WHAT THIS TASK INVOLVES: Please repeat the lines below exactly. Begin with the line containing "veh = str2num(get_param(gcb, 'vehicle'));" and go on through the line containing "Speed Command [m/s] : Step".

STORED DATA:
****

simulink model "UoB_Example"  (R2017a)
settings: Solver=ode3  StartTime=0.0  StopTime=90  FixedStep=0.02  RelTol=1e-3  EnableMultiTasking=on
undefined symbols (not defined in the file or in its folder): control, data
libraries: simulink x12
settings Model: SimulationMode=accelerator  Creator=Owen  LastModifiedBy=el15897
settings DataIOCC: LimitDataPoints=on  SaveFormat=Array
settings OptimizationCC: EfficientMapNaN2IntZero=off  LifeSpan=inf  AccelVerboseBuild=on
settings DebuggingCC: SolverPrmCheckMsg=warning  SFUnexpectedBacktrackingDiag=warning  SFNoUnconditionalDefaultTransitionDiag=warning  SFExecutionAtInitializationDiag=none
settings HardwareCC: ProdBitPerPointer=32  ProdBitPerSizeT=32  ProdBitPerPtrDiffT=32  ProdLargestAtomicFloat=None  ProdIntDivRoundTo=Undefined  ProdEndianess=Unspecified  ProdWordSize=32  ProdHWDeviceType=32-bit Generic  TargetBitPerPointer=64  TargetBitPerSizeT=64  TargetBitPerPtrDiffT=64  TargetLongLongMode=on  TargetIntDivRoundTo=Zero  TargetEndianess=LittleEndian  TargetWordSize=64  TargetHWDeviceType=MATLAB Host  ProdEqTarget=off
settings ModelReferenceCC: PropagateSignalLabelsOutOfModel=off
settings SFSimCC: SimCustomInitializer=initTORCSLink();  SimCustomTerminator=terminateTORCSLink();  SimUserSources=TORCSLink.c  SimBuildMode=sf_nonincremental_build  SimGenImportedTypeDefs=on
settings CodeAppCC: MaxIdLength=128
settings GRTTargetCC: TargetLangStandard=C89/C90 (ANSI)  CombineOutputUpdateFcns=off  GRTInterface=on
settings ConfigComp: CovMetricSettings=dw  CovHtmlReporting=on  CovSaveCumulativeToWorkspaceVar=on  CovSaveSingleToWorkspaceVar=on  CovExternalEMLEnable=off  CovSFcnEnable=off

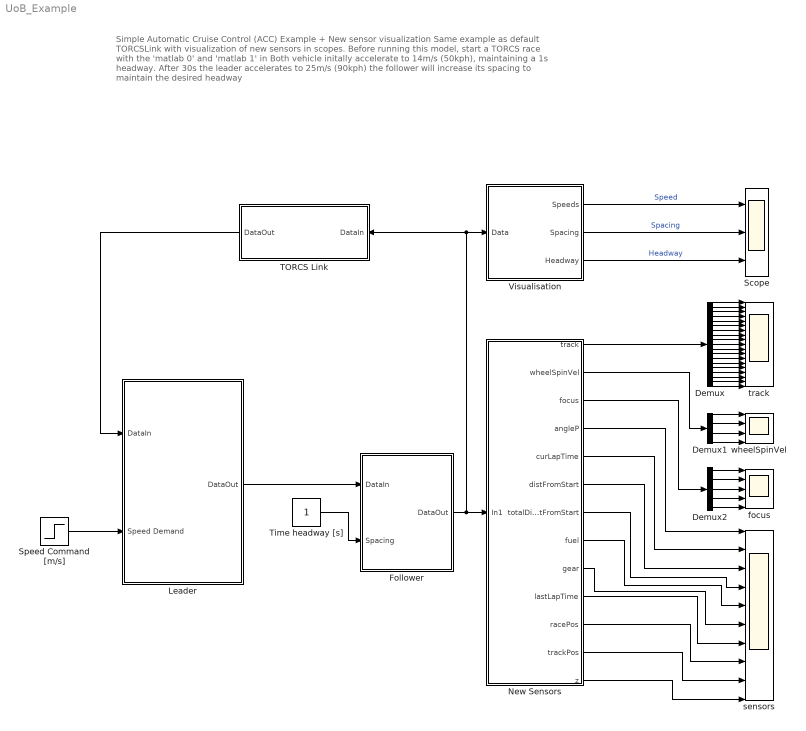
== system UoB_Example ==
  note: Simple Automatic Cruise Control (ACC) Example
      | +
      | New sensor visualization
      |
      | Same example as default TORCSLink with visualization of new sensors in scopes.
      | Before running this model, start a TORCS race with the 'matlab 0' and 'matlab 1' in
      |
      | Both vehicle initally accelerate to 14m/s (50kph), maintaining a 1s headway.
      | After 30s the leader accelerates to 25m/s (90kph)
      | the follower will increase its spacing to maintain the desired headway
  Demux : Demux  Outputs=19
  Demux1 : Demux
  Demux2 : Demux  Outputs=5
  Follower : Subsystem
      settings: CopyFcn=|
      | veh = str2num(get_param(gcb, 'vehicle'));
      | veh = veh + 1;
      | set_param(gcb,'vehicle',num2str(veh));
  Leader : Subsystem
  New Sensors : Subsystem
  Scope : Scope  NumInputPorts=3
  Speed Command [m/s] : Step  Time=30  Before=14  After=25  SampleTime=0
  TORCS Link : Subsystem  LoadFcn=|  InitFcn=|
      LoadFcn=|
      | load VehicleBusses.mat;
      | src = 'TORCSLink.c';
      | init = 'initTORCSLink();';
      | term = 'terminateTORCSLink();';
      | simSrc = get_param(gcs,'SimUserSources');
      | simInit = get_param(gcs,'SimCustomInitializer');
      | simTerm = get_param(gcs,'SimCustomTerminator');
      | 
      | if isempty(strfind(simSrc,src))
      |   fprintf('Adding %s to Custom Sources\n', src);
      |   set_param(gcs,'SimUserSources', [simSrc 10 src]);
      | end
      | 
      | if isempty(strfind(simInit,init))
      |   fprintf('Adding %s to Custom Initialisation Code\n', init);
      |   set_param(gcs,'SimCustomInitializer', [simInit 10 init]);
      | end
      | 
      | if isempty(strfind(simTerm,term))
      |   fprintf('Adding %s to Custom Termination Code\n', term);
      |   set_param(gcs,'SimCustomTerminator', [simTerm 10 term]);
      | end
      | 
      | if isunix
      |     libs = 'librt.so';
      |     simLibs = get_param(gcs,'SimUserLibraries');
      | 
      |     if isempty(strfind(simLibs,libs))
      |       fprintf('Adding %s to Custom Libraries\n', libs);
      |       set_param(gcs,'SimUserLibraries', [simLibs 10 libs]);
      |     end
      | else
      |    set_param(gcs,'SimUserLibraries', '');
      | end
      | 
      | clear src init term simSrc simInit simTerm libs simLibs;
      InitFcn=|
      | load VehicleBusses.mat;
      | src = 'TORCSLink.c';
      | init = 'initTORCSLink();';
      | term = 'terminateTORCSLink();';
      | simSrc = get_param(gcs,'SimUserSources');
      | simInit = get_param(gcs,'SimCustomInitializer');
      | simTerm = get_param(gcs,'SimCustomTerminator');
      | 
      | if isempty(strfind(simSrc,src))
      |   fprintf('Adding %s to Custom Sources\n', src);
      |   set_param(gcs,'SimUserSources', [simSrc 10 src]);
      | end
      | 
      | if isempty(strfind(simInit,init))
      |   fprintf('Adding %s to Custom Initialisation Code\n', init);
      |   set_param(gcs,'SimCustomInitializer', [simInit 10 init]);
      | end
      | 
      | if isempty(strfind(simTerm,term))
      |   fprintf('Adding %s to Custom Termination Code\n', term);
      |   set_param(gcs,'SimCustomTerminator', [simTerm 10 term]);
      | end
      | 
      | if isunix
      |     libs = 'librt.so';
      |     simLibs = get_param(gcs,'SimUserLibraries');
      | 
      |     if isempty(strfind(simLibs,libs))
      |       fprintf('Adding %s to Custom Libraries\n', libs);
      |       set_param(gcs,'SimUserLibraries', [simLibs 10 libs]);
      |     end
      | else
      |    set_param(gcs,'SimUserLibraries', '');
      | end
      | 
      | clear src init term simSrc simInit simTerm libs simLibs;
  Time headway [s] : Constant
  Visualisation : Subsystem
  focus : Scope  NumInputPorts=5
  sensors : Scope  NumInputPorts=10
  track : Scope  NumInputPorts=19
  wheelSpinVel : Scope  NumInputPorts=4
  wires:
  Leader/1(DataOut) -> Follower/1(DataIn)
  TORCS Link/1(DataOut) -> Leader/1(DataIn)
  Follower/1(DataOut) -> TORCS Link/1(DataIn), Visualisation/1(Data), New Sensors/1(In1)
  Time headway [s]/1 -> Follower/2(Spacing)
  Speed Command [m/s]/1 -> Leader/2(Speed Demand)
  Visualisation/1(Speeds) -> Scope/1  "Speed"
  Visualisation/2(Spacing) -> Scope/2  "Spacing"
  Visualisation/3(Headway) -> Scope/3  "Headway"
  New Sensors/13(z) -> sensors/10
  New Sensors/12(trackPos) -> sensors/9
  New Sensors/11(racePos) -> sensors/8
  New Sensors/10(lastLapTime) -> sensors/7
  New Sensors/9(gear) -> sensors/6
  New Sensors/8(fuel) -> sensors/5
  New Sensors/7(totalDistFromStart) -> sensors/4
  New Sensors/6(distFromStart) -> sensors/3
  New Sensors/5(curLapTime) -> sensors/2
  New Sensors/4(angleP) -> sensors/1
  New Sensors/3(focus) -> Demux2/1
  New Sensors/2(wheelSpinVel) -> Demux1/1
  New Sensors/1(track) -> Demux/1
  Demux/19 -> track/19
  Demux/18 -> track/18
  Demux/16 -> track/16
  Demux/17 -> track/17
  Demux/15 -> track/15
  Demux/13 -> track/13
  Demux/14 -> track/14
  Demux/12 -> track/12
  Demux/9 -> track/9
  Demux/10 -> track/10
  Demux/11 -> track/11
  Demux/8 -> track/8
  Demux/7 -> track/7
  Demux/6 -> track/6
  Demux/5 -> track/5
  Demux/4 -> track/4
  Demux/3 -> track/3
  Demux/2 -> track/2
  Demux/1 -> track/1
  Demux1/4 -> wheelSpinVel/4
  Demux1/3 -> wheelSpinVel/3
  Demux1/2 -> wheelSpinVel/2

****

SOLUTION TO THE PROBLEM:
      | veh = str2num(get_param(gcb, 'vehicle'));
      | veh = veh + 1;
      | set_param(gcb,'vehicle',num2str(veh));
  Leader : Subsystem
  New Sensors : Subsystem
  Scope : Scope  NumInputPorts=3
  Speed Command [m/s] : Step  Time=30  Before=14  After=25  SampleTime=0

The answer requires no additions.